Wednesday, January 02, 2013

Natural Law and Marriage: Part 2: religious liberty

Sacrificing a goat: protected by religious liberty?
In considering non-religious arguments for (real, traditional) marriage, a great deal has been said about the consequences for religious freedom. This has been the constant theme of the Christian Legal Centre: the very proposal for redefinition of marriage, and the enactment of civil partnerships, has been a key part of the drive to outlaw the proclamation of Christian teaching on sexuality. Legal recognition does not logically imply moral acceptance, and the law does not normally demand that citizens conform their ethical thinking to a state-approved model, but in practise the connection can be very close. In this case non-descriminatiion and hate-speech laws have made it closer still. In a nutshell, the legal recognition of gay marriage is going to mean that anyone criticising the gay lifestyle will be held to be attacking something legally established as legitimate, and this will facilitate the claim that it is unjustifiable hate-speech.

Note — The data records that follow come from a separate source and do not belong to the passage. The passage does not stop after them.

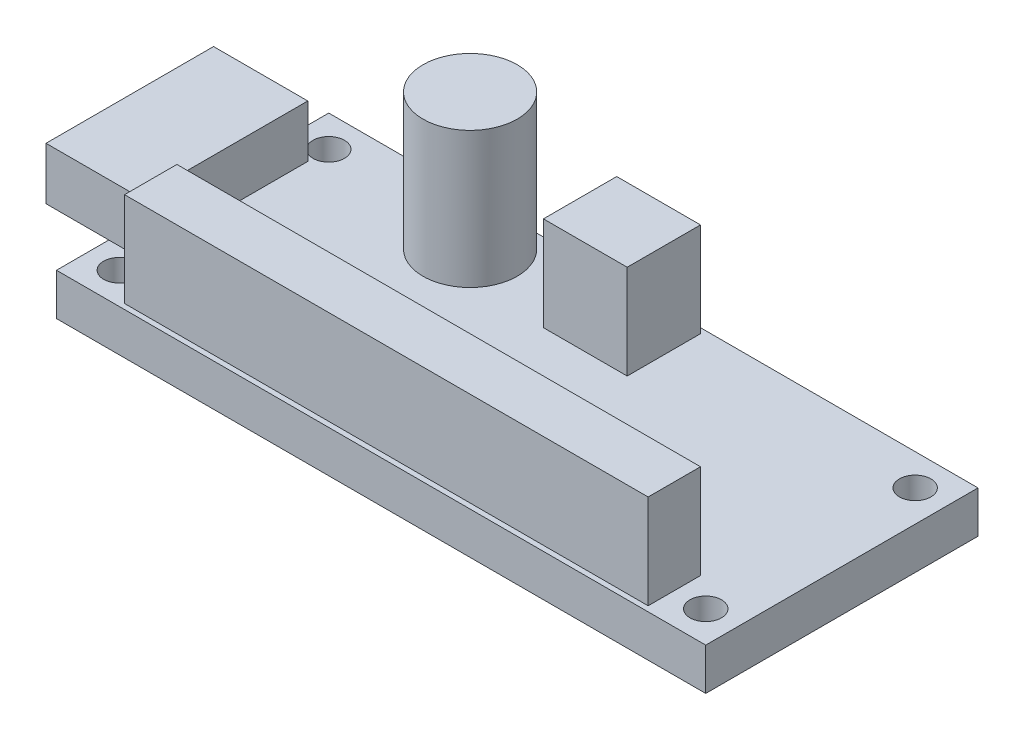
ISO-10303-21;
HEADER;
FILE_DESCRIPTION(('STEP AP214'),'2;1');
FILE_NAME('part.step','',(''),(''),'','','');
FILE_SCHEMA(('AUTOMOTIVE_DESIGN { 1 0 10303 214 1 1 1 1 }'));
ENDSEC;
DATA;
#1=APPLICATION_CONTEXT('core data for automotive mechanical design processes');
#2=APPLICATION_PROTOCOL_DEFINITION('international standard','automotive_design',2000,#1);
#3=PRODUCT_CONTEXT('',#1,'mechanical');
#4=PRODUCT('Part','Part','',(#3));
#5=PRODUCT_RELATED_PRODUCT_CATEGORY('part','',(#4));
#6=PRODUCT_DEFINITION_FORMATION('','',#4);
#7=PRODUCT_DEFINITION_CONTEXT('part definition',#1,'design');
#8=PRODUCT_DEFINITION('design','',#6,#7);
#9=PRODUCT_DEFINITION_SHAPE('','',#8);
#10=(LENGTH_UNIT() NAMED_UNIT(*) SI_UNIT(.MILLI.,.METRE.));
#11=(NAMED_UNIT(*) PLANE_ANGLE_UNIT() SI_UNIT($,.RADIAN.));
#12=(NAMED_UNIT(*) SI_UNIT($,.STERADIAN.) SOLID_ANGLE_UNIT());
#13=UNCERTAINTY_MEASURE_WITH_UNIT(LENGTH_MEASURE(1.E-05),#10,'distance_accuracy_value','');
#14=(GEOMETRIC_REPRESENTATION_CONTEXT(3) GLOBAL_UNCERTAINTY_ASSIGNED_CONTEXT((#13)) GLOBAL_UNIT_ASSIGNED_CONTEXT((#10,
#11,#12)) REPRESENTATION_CONTEXT('',''));
#15=CARTESIAN_POINT('',(0.,0.,0.));
#16=DIRECTION('',(0.,0.,1.));
#17=DIRECTION('',(1.,0.,0.));
#18=AXIS2_PLACEMENT_3D('',#15,#16,#17);
#19=CARTESIAN_POINT('',(0.,4.,0.));
#20=DIRECTION('',(0.,-1.,0.));
#21=DIRECTION('',(0.,0.,-1.));
#22=AXIS2_PLACEMENT_3D('',#19,#20,#21);
#23=PLANE('',#22);
#24=DIRECTION('',(0.,0.,1.));
#25=VECTOR('',#24,1.);
#26=CARTESIAN_POINT('',(28.,4.,-25.5));
#27=LINE('',#26,#25);
#28=CARTESIAN_POINT('',(28.,4.,-25.5));
#29=VERTEX_POINT('',#28);
#30=CARTESIAN_POINT('',(28.,4.,-18.5));
#31=VERTEX_POINT('',#30);
#32=EDGE_CURVE('E194',#29,#31,#27,.T.);
#33=ORIENTED_EDGE('',*,*,#32,.F.);
#34=DIRECTION('',(-1.,0.,0.));
#35=VECTOR('',#34,1.);
#36=CARTESIAN_POINT('',(28.,4.,-25.5));
#37=LINE('',#36,#35);
#38=CARTESIAN_POINT('',(36.,4.,-25.5));
#39=VERTEX_POINT('',#38);
#40=EDGE_CURVE('E210',#39,#29,#37,.T.);
#41=ORIENTED_EDGE('',*,*,#40,.F.);
#42=DIRECTION('',(0.,0.,-1.));
#43=VECTOR('',#42,1.);
#44=CARTESIAN_POINT('',(36.,4.,-25.5));
#45=LINE('',#44,#43);
#46=CARTESIAN_POINT('',(36.,4.,-18.5));
#47=VERTEX_POINT('',#46);
#48=EDGE_CURVE('E223',#47,#39,#45,.T.);
#49=ORIENTED_EDGE('',*,*,#48,.F.);
#50=DIRECTION('',(1.,0.,0.));
#51=VECTOR('',#50,1.);
#52=CARTESIAN_POINT('',(28.,4.,-18.5));
#53=LINE('',#52,#51);
#54=EDGE_CURVE('E199',#31,#47,#53,.T.);
#55=ORIENTED_EDGE('',*,*,#54,.F.);
#56=EDGE_LOOP('',(#33,#41,#49,#55));
#57=FACE_BOUND('',#56,.T.);
#58=CARTESIAN_POINT('',(3.,4.,-23.));
#59=DIRECTION('',(0.,1.,0.));
#60=DIRECTION('',(0.,0.,1.));
#61=AXIS2_PLACEMENT_3D('',#58,#59,#60);
#62=CIRCLE('',#61,1.5);
#63=CARTESIAN_POINT('',(3.,4.,-21.5));
#64=VERTEX_POINT('',#63);
#65=EDGE_CURVE('E303',#64,#64,#62,.T.);
#66=ORIENTED_EDGE('',*,*,#65,.F.);
#67=EDGE_LOOP('',(#66));
#68=FACE_BOUND('',#67,.T.);
#69=CARTESIAN_POINT('',(3.,4.,-2.99999999999999));
#70=DIRECTION('',(0.,1.,0.));
#71=DIRECTION('',(0.,0.,1.));
#72=AXIS2_PLACEMENT_3D('',#69,#70,#71);
#73=CIRCLE('',#72,1.5);
#74=CARTESIAN_POINT('',(3.,4.,-1.49999999999999));
#75=VERTEX_POINT('',#74);
#76=EDGE_CURVE('E299',#75,#75,#73,.T.);
#77=ORIENTED_EDGE('',*,*,#76,.F.);
#78=EDGE_LOOP('',(#77));
#79=FACE_BOUND('',#78,.T.);
#80=CARTESIAN_POINT('',(59.,4.,-3.));
#81=DIRECTION('',(0.,1.,0.));
#82=DIRECTION('',(0.,0.,1.));
#83=AXIS2_PLACEMENT_3D('',#80,#81,#82);
#84=CIRCLE('',#83,1.5);
#85=CARTESIAN_POINT('',(59.,4.,-1.5));
#86=VERTEX_POINT('',#85);
#87=EDGE_CURVE('E308',#86,#86,#84,.T.);
#88=ORIENTED_EDGE('',*,*,#87,.F.);
#89=EDGE_LOOP('',(#88));
#90=FACE_BOUND('',#89,.T.);
#91=CARTESIAN_POINT('',(59.,4.,-23.));
#92=DIRECTION('',(0.,1.,0.));
#93=DIRECTION('',(0.,0.,1.));
#94=AXIS2_PLACEMENT_3D('',#91,#92,#93);
#95=CIRCLE('',#94,1.5);
#96=CARTESIAN_POINT('',(59.,4.,-21.5));
#97=VERTEX_POINT('',#96);
#98=EDGE_CURVE('E316',#97,#97,#95,.T.);
#99=ORIENTED_EDGE('',*,*,#98,.F.);
#100=EDGE_LOOP('',(#99));
#101=FACE_BOUND('',#100,.T.);
#102=DIRECTION('',(0.,0.,1.));
#103=VECTOR('',#102,1.);
#104=CARTESIAN_POINT('',(6.,4.,-0.5));
#105=LINE('',#104,#103);
#106=CARTESIAN_POINT('',(6.,4.,-5.5));
#107=VERTEX_POINT('',#106);
#108=CARTESIAN_POINT('',(6.,4.,-0.5));
#109=VERTEX_POINT('',#108);
#110=EDGE_CURVE('E250',#107,#109,#105,.T.);
#111=ORIENTED_EDGE('',*,*,#110,.F.);
#112=DIRECTION('',(-1.,0.,0.));
#113=VECTOR('',#112,1.);
#114=CARTESIAN_POINT('',(6.,4.,-5.5));
#115=LINE('',#114,#113);
#116=CARTESIAN_POINT('',(56.,4.,-5.5));
#117=VERTEX_POINT('',#116);
#118=EDGE_CURVE('E259',#117,#107,#115,.T.);
#119=ORIENTED_EDGE('',*,*,#118,.F.);
#120=DIRECTION('',(0.,0.,-1.));
#121=VECTOR('',#120,1.);
#122=CARTESIAN_POINT('',(56.,4.,-0.5));
#123=LINE('',#122,#121);
#124=CARTESIAN_POINT('',(56.,4.,-0.5));
#125=VERTEX_POINT('',#124);
#126=EDGE_CURVE('E276',#125,#117,#123,.T.);
#127=ORIENTED_EDGE('',*,*,#126,.F.);
#128=DIRECTION('',(1.,0.,0.));
#129=VECTOR('',#128,1.);
#130=CARTESIAN_POINT('',(6.,4.,-0.5));
#131=LINE('',#130,#129);
#132=EDGE_CURVE('E272',#109,#125,#131,.T.);
#133=ORIENTED_EDGE('',*,*,#132,.F.);
#134=EDGE_LOOP('',(#111,#119,#127,#133));
#135=FACE_BOUND('',#134,.T.);
#136=DIRECTION('',(1.,0.,0.));
#137=VECTOR('',#136,1.);
#138=CARTESIAN_POINT('',(-6.,4.,-5.));
#139=LINE('',#138,#137);
#140=CARTESIAN_POINT('',(0.,4.,-5.));
#141=VERTEX_POINT('',#140);
#142=CARTESIAN_POINT('',(3.,4.,-5.));
#143=VERTEX_POINT('',#142);
#144=EDGE_CURVE('E412',#141,#143,#139,.T.);
#145=ORIENTED_EDGE('',*,*,#144,.F.);
#146=DIRECTION('',(0.,0.,1.));
#147=VECTOR('',#146,1.);
#148=CARTESIAN_POINT('',(0.,4.,0.));
#149=LINE('',#148,#147);
#150=CARTESIAN_POINT('',(0.,4.,0.));
#151=VERTEX_POINT('',#150);
#152=EDGE_CURVE('E336',#141,#151,#149,.T.);
#153=ORIENTED_EDGE('',*,*,#152,.T.);
#154=DIRECTION('',(1.,0.,0.));
#155=VECTOR('',#154,1.);
#156=CARTESIAN_POINT('',(0.,4.,0.));
#157=LINE('',#156,#155);
#158=CARTESIAN_POINT('',(62.,4.,0.));
#159=VERTEX_POINT('',#158);
#160=EDGE_CURVE('E334',#151,#159,#157,.T.);
#161=ORIENTED_EDGE('',*,*,#160,.T.);
#162=DIRECTION('',(0.,0.,-1.));
#163=VECTOR('',#162,1.);
#164=CARTESIAN_POINT('',(62.,4.,0.));
#165=LINE('',#164,#163);
#166=CARTESIAN_POINT('',(62.,4.,-26.));
#167=VERTEX_POINT('',#166);
#168=EDGE_CURVE('E339',#159,#167,#165,.T.);
#169=ORIENTED_EDGE('',*,*,#168,.T.);
#170=DIRECTION('',(-1.,0.,0.));
#171=VECTOR('',#170,1.);
#172=CARTESIAN_POINT('',(0.,4.,-26.));
#173=LINE('',#172,#171);
#174=CARTESIAN_POINT('',(18.,4.,-26.));
#175=VERTEX_POINT('',#174);
#176=EDGE_CURVE('E343',#167,#175,#173,.T.);
#177=ORIENTED_EDGE('',*,*,#176,.T.);
#178=CARTESIAN_POINT('',(18.,4.,-21.5));
#179=DIRECTION('',(0.,1.,0.));
#180=DIRECTION('',(0.,0.,1.));
#181=AXIS2_PLACEMENT_3D('',#178,#179,#180);
#182=CIRCLE('',#181,4.5);
#183=EDGE_CURVE('E245',#175,#175,#182,.T.);
#184=ORIENTED_EDGE('',*,*,#183,.F.);
#185=CARTESIAN_POINT('',(0.,4.,-26.));
#186=VERTEX_POINT('',#185);
#187=EDGE_CURVE('E342',#175,#186,#173,.T.);
#188=ORIENTED_EDGE('',*,*,#187,.T.);
#189=CARTESIAN_POINT('',(0.,4.,-21.));
#190=VERTEX_POINT('',#189);
#191=EDGE_CURVE('E331',#186,#190,#149,.T.);
#192=ORIENTED_EDGE('',*,*,#191,.T.);
#193=DIRECTION('',(-1.,0.,0.));
#194=VECTOR('',#193,1.);
#195=CARTESIAN_POINT('',(-6.,4.,-21.));
#196=LINE('',#195,#194);
#197=CARTESIAN_POINT('',(3.,4.,-21.));
#198=VERTEX_POINT('',#197);
#199=EDGE_CURVE('E64',#198,#190,#196,.T.);
#200=ORIENTED_EDGE('',*,*,#199,.F.);
#201=DIRECTION('',(0.,0.,-1.));
#202=VECTOR('',#201,1.);
#203=CARTESIAN_POINT('',(3.,4.,-21.));
#204=LINE('',#203,#202);
#205=EDGE_CURVE('E59',#143,#198,#204,.T.);
#206=ORIENTED_EDGE('',*,*,#205,.F.);
#207=EDGE_LOOP('',(#145,#153,#161,#169,#177,#184,#188,#192,#200,#206));
#208=FACE_BOUND('',#207,.T.);
#209=ADVANCED_FACE('F43',(#57,#68,#79,#90,#101,#135,#208),#23,.F.);
#210=CARTESIAN_POINT('',(0.,4.,0.));
#211=DIRECTION('',(1.,0.,0.));
#212=DIRECTION('',(0.,0.,-1.));
#213=AXIS2_PLACEMENT_3D('',#210,#211,#212);
#214=PLANE('',#213);
#215=DIRECTION('',(0.,0.,1.));
#216=VECTOR('',#215,1.);
#217=CARTESIAN_POINT('',(0.,0.,0.));
#218=LINE('',#217,#216);
#219=CARTESIAN_POINT('',(0.,0.,-26.));
#220=VERTEX_POINT('',#219);
#221=CARTESIAN_POINT('',(0.,0.,0.));
#222=VERTEX_POINT('',#221);
#223=EDGE_CURVE('E327',#220,#222,#218,.T.);
#224=ORIENTED_EDGE('',*,*,#223,.T.);
#225=DIRECTION('',(0.,-1.,0.));
#226=VECTOR('',#225,1.);
#227=CARTESIAN_POINT('',(0.,4.,0.));
#228=LINE('',#227,#226);
#229=EDGE_CURVE('E11',#151,#222,#228,.T.);
#230=ORIENTED_EDGE('',*,*,#229,.F.);
#231=ORIENTED_EDGE('',*,*,#152,.F.);
#232=EDGE_CURVE('E335',#190,#141,#149,.T.);
#233=ORIENTED_EDGE('',*,*,#232,.F.);
#234=ORIENTED_EDGE('',*,*,#191,.F.);
#235=DIRECTION('',(0.,-1.,0.));
#236=VECTOR('',#235,1.);
#237=CARTESIAN_POINT('',(0.,4.,-26.));
#238=LINE('',#237,#236);
#239=EDGE_CURVE('E346',#186,#220,#238,.T.);
#240=ORIENTED_EDGE('',*,*,#239,.T.);
#241=EDGE_LOOP('',(#224,#230,#231,#233,#234,#240));
#242=FACE_BOUND('',#241,.T.);
#243=ADVANCED_FACE('F45',(#242),#214,.F.);
#244=CARTESIAN_POINT('',(0.,4.,0.));
#245=DIRECTION('',(0.,0.,-1.));
#246=DIRECTION('',(-1.,0.,0.));
#247=AXIS2_PLACEMENT_3D('',#244,#245,#246);
#248=PLANE('',#247);
#249=DIRECTION('',(1.,0.,0.));
#250=VECTOR('',#249,1.);
#251=CARTESIAN_POINT('',(0.,0.,0.));
#252=LINE('',#251,#250);
#253=CARTESIAN_POINT('',(62.,0.,0.));
#254=VERTEX_POINT('',#253);
#255=EDGE_CURVE('E350',#222,#254,#252,.T.);
#256=ORIENTED_EDGE('',*,*,#255,.T.);
#257=DIRECTION('',(0.,-1.,0.));
#258=VECTOR('',#257,1.);
#259=CARTESIAN_POINT('',(62.,4.,0.));
#260=LINE('',#259,#258);
#261=EDGE_CURVE('E52',#159,#254,#260,.T.);
#262=ORIENTED_EDGE('',*,*,#261,.F.);
#263=ORIENTED_EDGE('',*,*,#160,.F.);
#264=ORIENTED_EDGE('',*,*,#229,.T.);
#265=EDGE_LOOP('',(#256,#262,#263,#264));
#266=FACE_BOUND('',#265,.T.);
#267=ADVANCED_FACE('F433',(#266),#248,.F.);
#268=CARTESIAN_POINT('',(62.,4.,0.));
#269=DIRECTION('',(-1.,0.,0.));
#270=DIRECTION('',(0.,0.,1.));
#271=AXIS2_PLACEMENT_3D('',#268,#269,#270);
#272=PLANE('',#271);
#273=DIRECTION('',(0.,0.,-1.));
#274=VECTOR('',#273,1.);
#275=CARTESIAN_POINT('',(62.,0.,0.));
#276=LINE('',#275,#274);
#277=CARTESIAN_POINT('',(62.,0.,-26.));
#278=VERTEX_POINT('',#277);
#279=EDGE_CURVE('E353',#254,#278,#276,.T.);
#280=ORIENTED_EDGE('',*,*,#279,.T.);
#281=DIRECTION('',(0.,-1.,0.));
#282=VECTOR('',#281,1.);
#283=CARTESIAN_POINT('',(62.,4.,-26.));
#284=LINE('',#283,#282);
#285=EDGE_CURVE('E362',#167,#278,#284,.T.);
#286=ORIENTED_EDGE('',*,*,#285,.F.);
#287=ORIENTED_EDGE('',*,*,#168,.F.);
#288=ORIENTED_EDGE('',*,*,#261,.T.);
#289=EDGE_LOOP('',(#280,#286,#287,#288));
#290=FACE_BOUND('',#289,.T.);
#291=ADVANCED_FACE('F371',(#290),#272,.F.);
#292=CARTESIAN_POINT('',(0.,4.,-26.));
#293=DIRECTION('',(0.,0.,1.));
#294=DIRECTION('',(1.,0.,0.));
#295=AXIS2_PLACEMENT_3D('',#292,#293,#294);
#296=PLANE('',#295);
#297=DIRECTION('',(-1.,0.,0.));
#298=VECTOR('',#297,1.);
#299=CARTESIAN_POINT('',(0.,0.,-26.));
#300=LINE('',#299,#298);
#301=EDGE_CURVE('E356',#278,#220,#300,.T.);
#302=ORIENTED_EDGE('',*,*,#301,.T.);
#303=ORIENTED_EDGE('',*,*,#239,.F.);
#304=ORIENTED_EDGE('',*,*,#187,.F.);
#305=ORIENTED_EDGE('',*,*,#176,.F.);
#306=ORIENTED_EDGE('',*,*,#285,.T.);
#307=EDGE_LOOP('',(#302,#303,#304,#305,#306));
#308=FACE_BOUND('',#307,.T.);
#309=ADVANCED_FACE('F381',(#308),#296,.F.);
#310=CARTESIAN_POINT('',(0.,0.,0.));
#311=DIRECTION('',(0.,-1.,0.));
#312=DIRECTION('',(0.,0.,-1.));
#313=AXIS2_PLACEMENT_3D('',#310,#311,#312);
#314=PLANE('',#313);
#315=CARTESIAN_POINT('',(59.,0.,-23.));
#316=DIRECTION('',(0.,1.,0.));
#317=DIRECTION('',(0.,0.,1.));
#318=AXIS2_PLACEMENT_3D('',#315,#316,#317);
#319=CIRCLE('',#318,1.5);
#320=CARTESIAN_POINT('',(59.,0.,-21.5));
#321=VERTEX_POINT('',#320);
#322=EDGE_CURVE('E298',#321,#321,#319,.T.);
#323=ORIENTED_EDGE('',*,*,#322,.T.);
#324=EDGE_LOOP('',(#323));
#325=FACE_BOUND('',#324,.T.);
#326=CARTESIAN_POINT('',(59.,0.,-3.));
#327=DIRECTION('',(0.,1.,0.));
#328=DIRECTION('',(0.,0.,1.));
#329=AXIS2_PLACEMENT_3D('',#326,#327,#328);
#330=CIRCLE('',#329,1.5);
#331=CARTESIAN_POINT('',(59.,0.,-1.5));
#332=VERTEX_POINT('',#331);
#333=EDGE_CURVE('E312',#332,#332,#330,.T.);
#334=ORIENTED_EDGE('',*,*,#333,.T.);
#335=EDGE_LOOP('',(#334));
#336=FACE_BOUND('',#335,.T.);
#337=CARTESIAN_POINT('',(3.,0.,-2.99999999999999));
#338=DIRECTION('',(0.,1.,0.));
#339=DIRECTION('',(0.,0.,1.));
#340=AXIS2_PLACEMENT_3D('',#337,#338,#339);
#341=CIRCLE('',#340,1.5);
#342=CARTESIAN_POINT('',(3.,0.,-1.49999999999999));
#343=VERTEX_POINT('',#342);
#344=EDGE_CURVE('E304',#343,#343,#341,.T.);
#345=ORIENTED_EDGE('',*,*,#344,.T.);
#346=EDGE_LOOP('',(#345));
#347=FACE_BOUND('',#346,.T.);
#348=CARTESIAN_POINT('',(3.,0.,-23.));
#349=DIRECTION('',(0.,1.,0.));
#350=DIRECTION('',(0.,0.,1.));
#351=AXIS2_PLACEMENT_3D('',#348,#349,#350);
#352=CIRCLE('',#351,1.5);
#353=CARTESIAN_POINT('',(3.,0.,-21.5));
#354=VERTEX_POINT('',#353);
#355=EDGE_CURVE('E323',#354,#354,#352,.T.);
#356=ORIENTED_EDGE('',*,*,#355,.T.);
#357=EDGE_LOOP('',(#356));
#358=FACE_BOUND('',#357,.T.);
#359=ORIENTED_EDGE('',*,*,#223,.F.);
#360=ORIENTED_EDGE('',*,*,#301,.F.);
#361=ORIENTED_EDGE('',*,*,#279,.F.);
#362=ORIENTED_EDGE('',*,*,#255,.F.);
#363=EDGE_LOOP('',(#359,#360,#361,#362));
#364=FACE_BOUND('',#363,.T.);
#365=ADVANCED_FACE('F378',(#325,#336,#347,#358,#364),#314,.T.);
#366=CARTESIAN_POINT('',(3.,0.,-23.));
#367=DIRECTION('',(0.,1.,0.));
#368=DIRECTION('',(0.,0.,1.));
#369=AXIS2_PLACEMENT_3D('',#366,#367,#368);
#370=CYLINDRICAL_SURFACE('',#369,1.5);
#371=ORIENTED_EDGE('',*,*,#355,.F.);
#372=EDGE_LOOP('',(#371));
#373=FACE_BOUND('',#372,.T.);
#374=ORIENTED_EDGE('',*,*,#65,.T.);
#375=EDGE_LOOP('',(#374));
#376=FACE_BOUND('',#375,.T.);
#377=ADVANCED_FACE('F437',(#373,#376),#370,.F.);
#378=CARTESIAN_POINT('',(3.,0.,-2.99999999999999));
#379=DIRECTION('',(0.,1.,0.));
#380=DIRECTION('',(0.,0.,1.));
#381=AXIS2_PLACEMENT_3D('',#378,#379,#380);
#382=CYLINDRICAL_SURFACE('',#381,1.5);
#383=ORIENTED_EDGE('',*,*,#344,.F.);
#384=EDGE_LOOP('',(#383));
#385=FACE_BOUND('',#384,.T.);
#386=ORIENTED_EDGE('',*,*,#76,.T.);
#387=EDGE_LOOP('',(#386));
#388=FACE_BOUND('',#387,.T.);
#389=ADVANCED_FACE('F487',(#385,#388),#382,.F.);
#390=CARTESIAN_POINT('',(59.,0.,-3.));
#391=DIRECTION('',(0.,1.,0.));
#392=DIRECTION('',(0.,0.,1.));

It is interesting that heterosexuals have never felt the need to invoke such laws against those who think that all sex and/or childrearing is wrong. Admittedly there aren't many Manichees or Cathars around today, but the claim that having children is irresponsible is increasingly made.

The Christian Legal Centre can point to a lot of court cases which illustrate their point, and it is certainly very worrying for orthodox Christians. But it is not an argument which has much effect against the proponents of same sex marriage, or on the less committed majority: or else the former would not push these court cases, and the latter's outrage would stop them in their tracks. The reason is simple: as I have pointed out before, what is regarded as a legitimate exercise of religious liberty does not determine, but rather is determined by, what is regarded as just.

Just let that sink in. Religions which sacrifice children have no case under religious liberty laws, because the sacrifice of children is a violation of justice. Whether religious believers are permitted to sacrifice goats, carry out cliterodectomy on girls, or circumcision on boys, or teach children about Hell, depends, and will always depend, on whether those practices are regarded as intrinsically unjust. You cannot make an argument for any of these practices being just from the fact that they are required by some religion or other. It simply doesn't follow. If you want to defend them, you need to defend their justice directly.